Los tres hijos del molinero


Había una vez un pobre molinero que tenía tres hijos: Juancho, Juanito y Juan. Cuando el molinero murió, sólo les dejó un vie­jo gato, un gallo y una hoz. Los muchachos enterraron a su pa­dre y volvieron mug tristes del cementerio.
-¿Qué será de nosotros? -dijo Juancho, el mayor. Repar­tamos lo que nuestro padre nos ha dejado y salgamos a correr mundo. Así tendremos la posibilidad de ganarnos la vida. Aquí nos moriremos de hambre.
-Tienes razón -dijeron Juanito y Juan. Y, como tú eres el mayor, a ti te toca repartir lo que hay.
-Vale -respondió Juancho. Tú, Juan, te llevarás la hoz; y tú, Juanito, el gallo. Yo me quedaré con el gato.
Los hermanos aceptaron. Juan cargó con la hoz al hombro, Juanito cogió el gallo bajo el brazo, Juancho llamó al gato, y juntos partieron a probar ventura.
A poca distancia del pueblo había una encrucijada.
-Somos tres y justamente son tres los caminos -observó Juancho.
Que cada uno tome uno diferente, pero con el com­promiso de encontrarnos de nuevo en este mismo lugar dentro de un año y un día. Veremos entonces qué tal le ha ido a cada uno.
Los otros dos aceptaron, se abrazaron y cada uno se inter­nó en el camino que había elegido.
Juancho, el mayor, caminó con su gato hasta que llegó a un palacio. ¿Y qué creéis que encontró en aquel palacio? Había dos mil lacayos, pajes y sirvientes que, empuñando varas, palos y mazos, daban caza a ratas y ratones. Y había tantas ratas y tan­tos ratones en todo el reino que lo habían devorado todo y la gente no tenía casi nada de comer. Y, aunque lacayos, pajes y sirvientes llevaban al menos seis meses dando caza a ratas y ra­tones, sólo habían podido acabar con tres.
Cuando Juancho los vio correr atolondrados, dándose palos unos a los otros mientras intentaban golpear a los ratones, no pudo menos que reír. Uno de los criados se detuvo y dijo:
-Tú te ríes, forastero, pero, si estuvieses en nuestro lugar, sin duda no te reirías.

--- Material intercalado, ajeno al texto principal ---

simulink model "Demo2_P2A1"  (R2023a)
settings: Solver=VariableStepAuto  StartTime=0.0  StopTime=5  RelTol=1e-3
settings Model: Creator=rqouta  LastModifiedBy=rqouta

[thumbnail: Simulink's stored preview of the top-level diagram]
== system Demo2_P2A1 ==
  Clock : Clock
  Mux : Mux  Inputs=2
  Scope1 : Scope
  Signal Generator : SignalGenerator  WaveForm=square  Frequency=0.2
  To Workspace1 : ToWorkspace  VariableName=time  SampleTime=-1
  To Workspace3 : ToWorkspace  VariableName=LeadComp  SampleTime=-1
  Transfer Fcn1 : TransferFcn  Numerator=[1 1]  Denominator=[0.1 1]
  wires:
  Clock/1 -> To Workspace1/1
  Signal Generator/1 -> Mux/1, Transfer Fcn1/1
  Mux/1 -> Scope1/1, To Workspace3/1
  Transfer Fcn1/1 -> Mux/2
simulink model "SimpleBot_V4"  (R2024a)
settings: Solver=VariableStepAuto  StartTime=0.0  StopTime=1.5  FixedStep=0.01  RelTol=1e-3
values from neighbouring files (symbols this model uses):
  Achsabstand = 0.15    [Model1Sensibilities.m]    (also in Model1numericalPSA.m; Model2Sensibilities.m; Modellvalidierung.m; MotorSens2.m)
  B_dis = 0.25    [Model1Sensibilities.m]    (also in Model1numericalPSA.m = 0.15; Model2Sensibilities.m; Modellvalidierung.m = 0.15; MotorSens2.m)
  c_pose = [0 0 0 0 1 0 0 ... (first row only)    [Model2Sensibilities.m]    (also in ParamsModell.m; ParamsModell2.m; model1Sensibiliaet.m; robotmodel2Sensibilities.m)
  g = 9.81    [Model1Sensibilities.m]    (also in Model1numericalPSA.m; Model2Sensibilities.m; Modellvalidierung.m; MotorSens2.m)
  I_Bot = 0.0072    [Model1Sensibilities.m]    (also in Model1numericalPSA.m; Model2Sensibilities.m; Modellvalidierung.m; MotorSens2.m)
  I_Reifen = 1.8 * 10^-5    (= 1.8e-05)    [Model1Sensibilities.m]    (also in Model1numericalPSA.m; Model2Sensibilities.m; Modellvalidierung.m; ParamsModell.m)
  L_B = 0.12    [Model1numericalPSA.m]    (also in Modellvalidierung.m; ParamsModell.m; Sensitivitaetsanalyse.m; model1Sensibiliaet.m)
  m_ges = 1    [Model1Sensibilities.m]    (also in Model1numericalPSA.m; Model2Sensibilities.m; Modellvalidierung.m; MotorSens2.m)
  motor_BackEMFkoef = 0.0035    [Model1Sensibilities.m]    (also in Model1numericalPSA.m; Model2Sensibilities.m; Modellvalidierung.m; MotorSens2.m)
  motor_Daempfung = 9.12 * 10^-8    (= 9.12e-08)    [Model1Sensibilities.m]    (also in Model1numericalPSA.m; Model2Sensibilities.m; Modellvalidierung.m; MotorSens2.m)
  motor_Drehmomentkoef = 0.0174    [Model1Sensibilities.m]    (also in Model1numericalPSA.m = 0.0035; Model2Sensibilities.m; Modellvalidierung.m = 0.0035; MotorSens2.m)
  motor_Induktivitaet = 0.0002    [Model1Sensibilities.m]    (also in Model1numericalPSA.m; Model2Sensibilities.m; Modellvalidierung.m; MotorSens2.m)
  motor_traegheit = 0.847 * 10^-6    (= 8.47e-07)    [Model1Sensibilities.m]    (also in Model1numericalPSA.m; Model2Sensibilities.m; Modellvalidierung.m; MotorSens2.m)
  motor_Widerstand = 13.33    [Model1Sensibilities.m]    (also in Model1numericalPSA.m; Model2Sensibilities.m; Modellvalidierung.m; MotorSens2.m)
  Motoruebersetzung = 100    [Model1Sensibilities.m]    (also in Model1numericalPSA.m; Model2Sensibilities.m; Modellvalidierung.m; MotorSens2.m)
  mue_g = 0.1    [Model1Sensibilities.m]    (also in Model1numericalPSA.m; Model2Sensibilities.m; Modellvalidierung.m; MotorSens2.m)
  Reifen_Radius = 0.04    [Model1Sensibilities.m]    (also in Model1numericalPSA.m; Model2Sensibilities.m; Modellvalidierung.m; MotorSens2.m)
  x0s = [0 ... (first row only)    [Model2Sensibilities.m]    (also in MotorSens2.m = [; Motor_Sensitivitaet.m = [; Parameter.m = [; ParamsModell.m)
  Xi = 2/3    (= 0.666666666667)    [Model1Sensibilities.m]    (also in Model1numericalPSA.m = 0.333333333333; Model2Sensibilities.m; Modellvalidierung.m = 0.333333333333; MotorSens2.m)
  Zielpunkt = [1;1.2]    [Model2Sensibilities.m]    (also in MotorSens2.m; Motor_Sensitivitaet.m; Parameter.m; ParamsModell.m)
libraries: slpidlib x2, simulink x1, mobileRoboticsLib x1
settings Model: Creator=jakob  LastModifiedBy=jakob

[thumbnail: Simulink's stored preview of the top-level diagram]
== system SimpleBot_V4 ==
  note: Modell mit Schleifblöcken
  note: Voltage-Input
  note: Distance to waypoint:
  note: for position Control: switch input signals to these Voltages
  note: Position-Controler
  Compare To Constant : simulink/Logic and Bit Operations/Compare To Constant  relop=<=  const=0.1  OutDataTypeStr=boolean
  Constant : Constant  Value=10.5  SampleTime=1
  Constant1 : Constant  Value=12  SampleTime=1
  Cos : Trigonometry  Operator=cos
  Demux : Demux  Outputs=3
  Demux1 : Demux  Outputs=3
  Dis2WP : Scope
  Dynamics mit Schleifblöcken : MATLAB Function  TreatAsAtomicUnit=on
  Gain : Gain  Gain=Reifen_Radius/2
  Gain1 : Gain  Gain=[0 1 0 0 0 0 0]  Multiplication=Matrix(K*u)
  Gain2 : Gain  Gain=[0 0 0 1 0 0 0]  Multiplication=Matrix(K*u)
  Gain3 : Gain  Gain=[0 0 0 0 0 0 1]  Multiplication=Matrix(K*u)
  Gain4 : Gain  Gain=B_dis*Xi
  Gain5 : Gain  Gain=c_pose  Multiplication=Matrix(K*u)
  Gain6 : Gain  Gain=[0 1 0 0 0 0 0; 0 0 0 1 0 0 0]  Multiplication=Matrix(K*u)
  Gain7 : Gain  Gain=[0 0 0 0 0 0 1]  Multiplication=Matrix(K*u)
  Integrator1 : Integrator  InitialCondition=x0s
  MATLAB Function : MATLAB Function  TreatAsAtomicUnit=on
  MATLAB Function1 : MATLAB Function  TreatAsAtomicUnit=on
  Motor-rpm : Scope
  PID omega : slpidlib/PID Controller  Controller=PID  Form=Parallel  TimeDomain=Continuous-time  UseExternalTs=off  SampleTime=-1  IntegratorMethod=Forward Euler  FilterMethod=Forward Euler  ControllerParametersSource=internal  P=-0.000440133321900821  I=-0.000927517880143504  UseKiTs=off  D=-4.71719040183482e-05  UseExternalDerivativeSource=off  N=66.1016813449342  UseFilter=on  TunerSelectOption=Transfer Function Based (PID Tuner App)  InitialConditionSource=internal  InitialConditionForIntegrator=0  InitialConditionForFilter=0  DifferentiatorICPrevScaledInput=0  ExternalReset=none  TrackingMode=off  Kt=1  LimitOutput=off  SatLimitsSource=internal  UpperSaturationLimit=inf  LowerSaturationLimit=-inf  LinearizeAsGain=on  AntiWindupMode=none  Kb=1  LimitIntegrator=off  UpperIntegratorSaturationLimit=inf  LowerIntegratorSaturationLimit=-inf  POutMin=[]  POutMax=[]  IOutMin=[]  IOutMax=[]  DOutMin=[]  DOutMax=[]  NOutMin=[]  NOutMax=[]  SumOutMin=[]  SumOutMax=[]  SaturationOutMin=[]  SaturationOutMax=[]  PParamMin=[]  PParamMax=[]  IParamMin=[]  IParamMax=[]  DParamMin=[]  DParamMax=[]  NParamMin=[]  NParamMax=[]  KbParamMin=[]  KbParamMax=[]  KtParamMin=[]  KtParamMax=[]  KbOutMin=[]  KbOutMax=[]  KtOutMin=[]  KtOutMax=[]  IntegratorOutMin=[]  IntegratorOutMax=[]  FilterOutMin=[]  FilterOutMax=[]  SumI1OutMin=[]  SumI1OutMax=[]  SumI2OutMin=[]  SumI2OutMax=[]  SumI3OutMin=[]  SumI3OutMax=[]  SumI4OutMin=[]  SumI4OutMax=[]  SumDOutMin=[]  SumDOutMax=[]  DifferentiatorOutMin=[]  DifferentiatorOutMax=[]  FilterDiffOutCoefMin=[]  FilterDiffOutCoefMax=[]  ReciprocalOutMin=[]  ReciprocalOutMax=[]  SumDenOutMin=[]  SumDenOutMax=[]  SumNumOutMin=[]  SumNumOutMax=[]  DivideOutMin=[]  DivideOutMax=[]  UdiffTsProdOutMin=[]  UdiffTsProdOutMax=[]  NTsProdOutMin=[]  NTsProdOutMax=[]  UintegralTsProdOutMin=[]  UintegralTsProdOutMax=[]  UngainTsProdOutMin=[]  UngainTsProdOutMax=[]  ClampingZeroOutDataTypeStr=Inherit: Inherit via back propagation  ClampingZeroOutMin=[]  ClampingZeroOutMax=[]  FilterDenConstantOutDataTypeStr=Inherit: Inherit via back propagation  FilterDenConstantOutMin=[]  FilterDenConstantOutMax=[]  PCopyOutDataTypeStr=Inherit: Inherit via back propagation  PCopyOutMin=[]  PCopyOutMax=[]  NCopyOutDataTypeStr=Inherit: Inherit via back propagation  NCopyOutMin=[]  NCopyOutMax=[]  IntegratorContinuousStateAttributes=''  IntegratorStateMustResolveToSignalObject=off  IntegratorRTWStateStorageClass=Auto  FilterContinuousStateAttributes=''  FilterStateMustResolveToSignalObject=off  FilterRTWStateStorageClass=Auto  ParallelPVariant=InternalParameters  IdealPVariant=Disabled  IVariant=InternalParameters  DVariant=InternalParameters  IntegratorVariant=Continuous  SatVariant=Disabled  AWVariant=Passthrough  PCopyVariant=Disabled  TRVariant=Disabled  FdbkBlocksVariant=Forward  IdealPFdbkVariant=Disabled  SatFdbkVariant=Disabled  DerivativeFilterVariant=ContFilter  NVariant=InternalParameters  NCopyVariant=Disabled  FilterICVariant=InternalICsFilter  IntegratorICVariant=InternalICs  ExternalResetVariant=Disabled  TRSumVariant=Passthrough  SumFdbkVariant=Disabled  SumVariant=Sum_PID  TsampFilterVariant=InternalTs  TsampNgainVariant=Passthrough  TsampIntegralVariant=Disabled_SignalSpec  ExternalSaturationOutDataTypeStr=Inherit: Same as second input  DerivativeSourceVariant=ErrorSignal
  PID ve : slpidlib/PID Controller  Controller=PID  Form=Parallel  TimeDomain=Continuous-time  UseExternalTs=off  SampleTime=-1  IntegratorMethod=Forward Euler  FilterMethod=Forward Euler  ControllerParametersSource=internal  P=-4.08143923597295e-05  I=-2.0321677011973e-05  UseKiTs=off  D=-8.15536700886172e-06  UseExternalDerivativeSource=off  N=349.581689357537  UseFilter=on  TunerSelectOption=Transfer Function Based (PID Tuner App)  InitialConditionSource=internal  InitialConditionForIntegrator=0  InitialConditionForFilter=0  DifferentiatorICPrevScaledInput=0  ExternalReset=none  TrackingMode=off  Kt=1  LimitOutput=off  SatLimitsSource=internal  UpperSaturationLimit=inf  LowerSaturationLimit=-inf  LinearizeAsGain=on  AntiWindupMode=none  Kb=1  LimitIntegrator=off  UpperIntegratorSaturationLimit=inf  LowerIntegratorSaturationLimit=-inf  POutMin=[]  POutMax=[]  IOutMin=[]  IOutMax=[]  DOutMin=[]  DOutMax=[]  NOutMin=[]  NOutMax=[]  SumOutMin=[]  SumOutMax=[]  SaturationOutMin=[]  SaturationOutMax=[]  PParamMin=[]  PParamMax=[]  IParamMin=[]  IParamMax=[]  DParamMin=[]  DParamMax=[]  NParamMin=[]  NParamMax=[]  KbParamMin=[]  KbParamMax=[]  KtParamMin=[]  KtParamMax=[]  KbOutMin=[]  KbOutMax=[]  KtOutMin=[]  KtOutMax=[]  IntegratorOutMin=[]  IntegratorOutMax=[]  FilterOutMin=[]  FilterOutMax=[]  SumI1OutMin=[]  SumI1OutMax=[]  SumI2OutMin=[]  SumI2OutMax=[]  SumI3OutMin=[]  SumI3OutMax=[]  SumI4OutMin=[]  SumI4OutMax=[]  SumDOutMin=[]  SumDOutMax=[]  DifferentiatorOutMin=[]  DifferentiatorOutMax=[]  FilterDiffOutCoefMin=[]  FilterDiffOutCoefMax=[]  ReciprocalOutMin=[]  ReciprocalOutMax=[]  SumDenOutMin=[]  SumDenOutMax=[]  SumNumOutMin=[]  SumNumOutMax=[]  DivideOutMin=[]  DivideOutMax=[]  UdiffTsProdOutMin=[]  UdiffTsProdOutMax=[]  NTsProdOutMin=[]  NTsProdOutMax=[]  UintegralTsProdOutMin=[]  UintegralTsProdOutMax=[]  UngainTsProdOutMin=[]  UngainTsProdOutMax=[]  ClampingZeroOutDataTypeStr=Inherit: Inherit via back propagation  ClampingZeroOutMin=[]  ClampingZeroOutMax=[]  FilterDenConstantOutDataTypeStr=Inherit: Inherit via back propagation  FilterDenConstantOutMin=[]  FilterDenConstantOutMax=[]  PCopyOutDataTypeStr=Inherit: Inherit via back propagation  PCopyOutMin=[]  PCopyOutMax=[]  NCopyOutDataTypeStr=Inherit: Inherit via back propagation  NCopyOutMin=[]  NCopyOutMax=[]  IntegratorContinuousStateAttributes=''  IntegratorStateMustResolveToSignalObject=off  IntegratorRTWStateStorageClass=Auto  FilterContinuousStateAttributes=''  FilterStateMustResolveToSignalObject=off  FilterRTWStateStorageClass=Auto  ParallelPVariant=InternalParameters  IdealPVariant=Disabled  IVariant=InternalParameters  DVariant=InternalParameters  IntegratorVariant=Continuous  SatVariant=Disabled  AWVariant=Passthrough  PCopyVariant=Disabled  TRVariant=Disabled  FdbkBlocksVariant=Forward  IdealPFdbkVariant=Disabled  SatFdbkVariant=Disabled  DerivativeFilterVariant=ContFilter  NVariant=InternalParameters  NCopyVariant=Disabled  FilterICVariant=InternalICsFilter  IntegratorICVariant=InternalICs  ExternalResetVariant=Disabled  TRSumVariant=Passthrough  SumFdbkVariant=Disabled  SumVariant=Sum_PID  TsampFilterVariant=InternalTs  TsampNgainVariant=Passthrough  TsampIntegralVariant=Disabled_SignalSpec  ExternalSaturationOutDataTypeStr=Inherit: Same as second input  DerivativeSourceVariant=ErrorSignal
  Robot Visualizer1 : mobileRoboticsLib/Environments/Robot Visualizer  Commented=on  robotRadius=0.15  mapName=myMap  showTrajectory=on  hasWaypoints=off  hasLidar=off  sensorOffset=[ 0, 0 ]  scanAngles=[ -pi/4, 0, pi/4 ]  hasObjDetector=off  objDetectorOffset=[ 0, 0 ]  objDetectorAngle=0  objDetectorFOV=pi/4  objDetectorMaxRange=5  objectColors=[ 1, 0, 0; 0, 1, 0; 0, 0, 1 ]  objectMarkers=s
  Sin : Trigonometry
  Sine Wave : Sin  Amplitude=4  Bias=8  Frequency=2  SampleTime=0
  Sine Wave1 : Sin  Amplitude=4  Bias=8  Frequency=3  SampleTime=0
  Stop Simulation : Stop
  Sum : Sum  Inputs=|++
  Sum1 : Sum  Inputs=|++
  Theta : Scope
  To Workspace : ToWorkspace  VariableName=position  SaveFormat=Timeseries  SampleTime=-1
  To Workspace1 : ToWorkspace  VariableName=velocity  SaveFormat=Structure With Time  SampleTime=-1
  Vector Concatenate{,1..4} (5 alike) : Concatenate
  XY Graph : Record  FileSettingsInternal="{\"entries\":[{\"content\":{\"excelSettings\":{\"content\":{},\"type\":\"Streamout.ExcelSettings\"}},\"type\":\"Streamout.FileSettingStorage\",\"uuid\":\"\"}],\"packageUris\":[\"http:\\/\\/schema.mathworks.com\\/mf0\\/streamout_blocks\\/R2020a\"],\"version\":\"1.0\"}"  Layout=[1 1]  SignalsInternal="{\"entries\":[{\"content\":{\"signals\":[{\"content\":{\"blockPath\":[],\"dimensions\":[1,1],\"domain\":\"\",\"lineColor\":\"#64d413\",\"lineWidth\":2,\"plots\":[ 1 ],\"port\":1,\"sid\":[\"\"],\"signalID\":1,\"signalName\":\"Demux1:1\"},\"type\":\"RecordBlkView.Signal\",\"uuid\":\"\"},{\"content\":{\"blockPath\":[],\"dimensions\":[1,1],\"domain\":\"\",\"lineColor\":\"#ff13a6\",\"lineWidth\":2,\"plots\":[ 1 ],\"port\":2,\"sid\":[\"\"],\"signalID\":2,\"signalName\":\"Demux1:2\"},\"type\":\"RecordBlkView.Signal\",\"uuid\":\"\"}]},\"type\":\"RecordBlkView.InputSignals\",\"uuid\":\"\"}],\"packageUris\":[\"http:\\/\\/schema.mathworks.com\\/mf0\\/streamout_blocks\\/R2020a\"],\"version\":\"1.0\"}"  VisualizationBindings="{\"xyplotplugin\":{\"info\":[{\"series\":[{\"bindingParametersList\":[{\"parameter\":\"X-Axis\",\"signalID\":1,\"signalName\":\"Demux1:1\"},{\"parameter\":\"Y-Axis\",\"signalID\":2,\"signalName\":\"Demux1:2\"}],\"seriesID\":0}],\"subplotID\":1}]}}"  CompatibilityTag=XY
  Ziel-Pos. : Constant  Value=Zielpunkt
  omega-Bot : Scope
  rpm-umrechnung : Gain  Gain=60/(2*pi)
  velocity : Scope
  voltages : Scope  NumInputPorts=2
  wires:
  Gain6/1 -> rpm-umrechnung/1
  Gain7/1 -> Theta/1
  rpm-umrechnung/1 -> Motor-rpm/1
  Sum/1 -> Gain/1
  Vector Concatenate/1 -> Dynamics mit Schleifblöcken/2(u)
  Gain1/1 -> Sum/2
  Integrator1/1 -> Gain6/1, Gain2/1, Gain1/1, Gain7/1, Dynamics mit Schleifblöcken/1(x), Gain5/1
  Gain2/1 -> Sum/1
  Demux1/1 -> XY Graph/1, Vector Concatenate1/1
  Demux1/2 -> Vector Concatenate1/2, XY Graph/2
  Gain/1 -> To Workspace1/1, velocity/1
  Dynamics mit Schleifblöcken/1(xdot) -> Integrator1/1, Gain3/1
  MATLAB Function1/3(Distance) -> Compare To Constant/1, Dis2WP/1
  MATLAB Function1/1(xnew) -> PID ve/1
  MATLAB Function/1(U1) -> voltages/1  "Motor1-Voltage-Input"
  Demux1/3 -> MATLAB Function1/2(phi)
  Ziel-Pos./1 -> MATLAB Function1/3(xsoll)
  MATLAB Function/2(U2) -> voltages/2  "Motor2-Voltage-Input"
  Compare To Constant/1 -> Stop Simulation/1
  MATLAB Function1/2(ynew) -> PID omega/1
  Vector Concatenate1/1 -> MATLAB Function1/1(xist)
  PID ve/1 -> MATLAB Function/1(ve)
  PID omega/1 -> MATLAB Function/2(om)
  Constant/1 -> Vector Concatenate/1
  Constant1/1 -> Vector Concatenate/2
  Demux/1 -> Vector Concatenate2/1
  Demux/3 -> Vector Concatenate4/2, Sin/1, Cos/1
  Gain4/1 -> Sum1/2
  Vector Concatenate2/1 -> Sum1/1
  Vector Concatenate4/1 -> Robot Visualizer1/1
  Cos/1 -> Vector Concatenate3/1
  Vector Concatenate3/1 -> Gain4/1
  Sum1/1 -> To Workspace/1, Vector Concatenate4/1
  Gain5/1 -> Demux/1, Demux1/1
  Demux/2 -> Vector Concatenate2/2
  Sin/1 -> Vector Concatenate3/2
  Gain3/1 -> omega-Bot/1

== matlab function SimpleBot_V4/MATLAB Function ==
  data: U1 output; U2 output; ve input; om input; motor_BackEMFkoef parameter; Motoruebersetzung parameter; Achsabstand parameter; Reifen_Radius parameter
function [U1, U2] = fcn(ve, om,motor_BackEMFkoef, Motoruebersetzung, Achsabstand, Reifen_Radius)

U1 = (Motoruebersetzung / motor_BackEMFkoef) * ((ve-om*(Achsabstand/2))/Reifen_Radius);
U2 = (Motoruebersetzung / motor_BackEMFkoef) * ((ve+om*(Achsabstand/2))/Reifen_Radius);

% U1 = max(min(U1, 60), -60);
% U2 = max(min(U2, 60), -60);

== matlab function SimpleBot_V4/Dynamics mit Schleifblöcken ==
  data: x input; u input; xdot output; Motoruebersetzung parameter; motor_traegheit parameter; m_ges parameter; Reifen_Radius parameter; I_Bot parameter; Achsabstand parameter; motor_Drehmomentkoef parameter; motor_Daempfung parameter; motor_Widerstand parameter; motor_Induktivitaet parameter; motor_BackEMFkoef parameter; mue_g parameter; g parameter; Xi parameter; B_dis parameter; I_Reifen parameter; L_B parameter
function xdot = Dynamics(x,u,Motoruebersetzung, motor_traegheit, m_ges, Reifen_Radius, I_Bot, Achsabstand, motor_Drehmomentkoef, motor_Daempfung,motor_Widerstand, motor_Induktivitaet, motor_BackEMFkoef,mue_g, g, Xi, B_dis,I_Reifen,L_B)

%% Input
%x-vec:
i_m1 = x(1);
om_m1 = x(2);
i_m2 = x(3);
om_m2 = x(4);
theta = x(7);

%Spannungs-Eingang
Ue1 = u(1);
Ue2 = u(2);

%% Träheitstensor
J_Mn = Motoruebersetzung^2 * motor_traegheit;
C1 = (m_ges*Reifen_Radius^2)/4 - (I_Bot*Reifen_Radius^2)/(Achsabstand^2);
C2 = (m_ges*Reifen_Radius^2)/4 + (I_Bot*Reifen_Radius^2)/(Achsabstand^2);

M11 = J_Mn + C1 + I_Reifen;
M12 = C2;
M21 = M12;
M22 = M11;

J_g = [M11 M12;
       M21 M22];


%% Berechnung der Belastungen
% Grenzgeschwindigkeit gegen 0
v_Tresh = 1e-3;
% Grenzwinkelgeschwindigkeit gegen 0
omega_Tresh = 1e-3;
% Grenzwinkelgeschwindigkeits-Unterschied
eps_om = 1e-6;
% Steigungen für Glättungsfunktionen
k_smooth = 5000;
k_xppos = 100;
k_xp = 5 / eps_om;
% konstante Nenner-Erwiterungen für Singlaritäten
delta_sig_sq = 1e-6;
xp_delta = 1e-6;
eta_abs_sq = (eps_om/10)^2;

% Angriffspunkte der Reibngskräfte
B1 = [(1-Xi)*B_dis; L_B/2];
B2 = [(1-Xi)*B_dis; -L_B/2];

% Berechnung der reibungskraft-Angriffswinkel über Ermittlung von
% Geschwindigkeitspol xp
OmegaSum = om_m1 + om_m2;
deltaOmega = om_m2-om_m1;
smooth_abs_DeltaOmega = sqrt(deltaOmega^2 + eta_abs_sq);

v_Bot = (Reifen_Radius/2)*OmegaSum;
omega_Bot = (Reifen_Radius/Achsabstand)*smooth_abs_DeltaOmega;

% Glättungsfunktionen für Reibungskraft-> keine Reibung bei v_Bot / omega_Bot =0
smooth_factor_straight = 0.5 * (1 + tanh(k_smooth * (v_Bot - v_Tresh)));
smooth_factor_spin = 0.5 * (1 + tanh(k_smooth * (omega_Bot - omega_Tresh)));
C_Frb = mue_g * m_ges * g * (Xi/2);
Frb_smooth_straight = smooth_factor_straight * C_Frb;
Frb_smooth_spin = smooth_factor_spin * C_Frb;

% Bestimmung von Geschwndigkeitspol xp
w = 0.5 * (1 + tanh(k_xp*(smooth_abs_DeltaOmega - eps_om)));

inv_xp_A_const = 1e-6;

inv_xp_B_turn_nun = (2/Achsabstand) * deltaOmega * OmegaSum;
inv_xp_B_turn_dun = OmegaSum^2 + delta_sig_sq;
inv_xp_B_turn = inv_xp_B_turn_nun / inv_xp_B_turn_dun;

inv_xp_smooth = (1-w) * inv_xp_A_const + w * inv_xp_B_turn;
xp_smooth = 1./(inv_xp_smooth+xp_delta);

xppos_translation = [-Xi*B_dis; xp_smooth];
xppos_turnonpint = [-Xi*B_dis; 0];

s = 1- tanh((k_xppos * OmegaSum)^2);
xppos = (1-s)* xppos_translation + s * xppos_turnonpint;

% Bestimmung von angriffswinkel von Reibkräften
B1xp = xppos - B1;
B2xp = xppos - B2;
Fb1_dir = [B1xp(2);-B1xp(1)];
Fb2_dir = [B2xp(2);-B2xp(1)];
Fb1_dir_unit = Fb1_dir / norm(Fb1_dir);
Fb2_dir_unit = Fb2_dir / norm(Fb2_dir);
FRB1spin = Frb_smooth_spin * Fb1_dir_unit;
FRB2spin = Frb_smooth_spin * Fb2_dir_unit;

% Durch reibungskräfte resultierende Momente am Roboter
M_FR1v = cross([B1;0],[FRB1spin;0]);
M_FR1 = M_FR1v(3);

-¿Y por qué no habría de reírme?
-Porque no. ¿No ves qué trabajo da cazar a estos malditos ratones?
-¡No es difícil atrapar ratones! Para ello me basta con mi gato.
Y dejó libre al gato, quien arqueó su lomo y, paf, saltó so­bre el primer ratón que pasaba y lo devoró en un abrir y cerrar de ojos.
Lacayos, pajes y sirvientes gritaron admirados:
-¿Qué milagrosa criatura es ésa?
-Es un gato -respondió Juancho, y acabará con todos los ratones que infestan vuestro reino.
-¿Un gato? -preguntaron lacayos, pajes y servidores. Jamás habíamos visto un animal como ése. ¿También se come a la gente?
-No -dijo Juancho-, sólo come ratas y ratones.
-Debemos mostrarle a nuestro soberano este animal tan precioso. Puedes estar seguro de que no dudará un instante en comprarlo. Pero no pidas un precio demasiado bajo, porque nuestro rey es muy rico.
Condujeron a Juancho y su gato a palacio, donde estaba el rey sentado en su trono.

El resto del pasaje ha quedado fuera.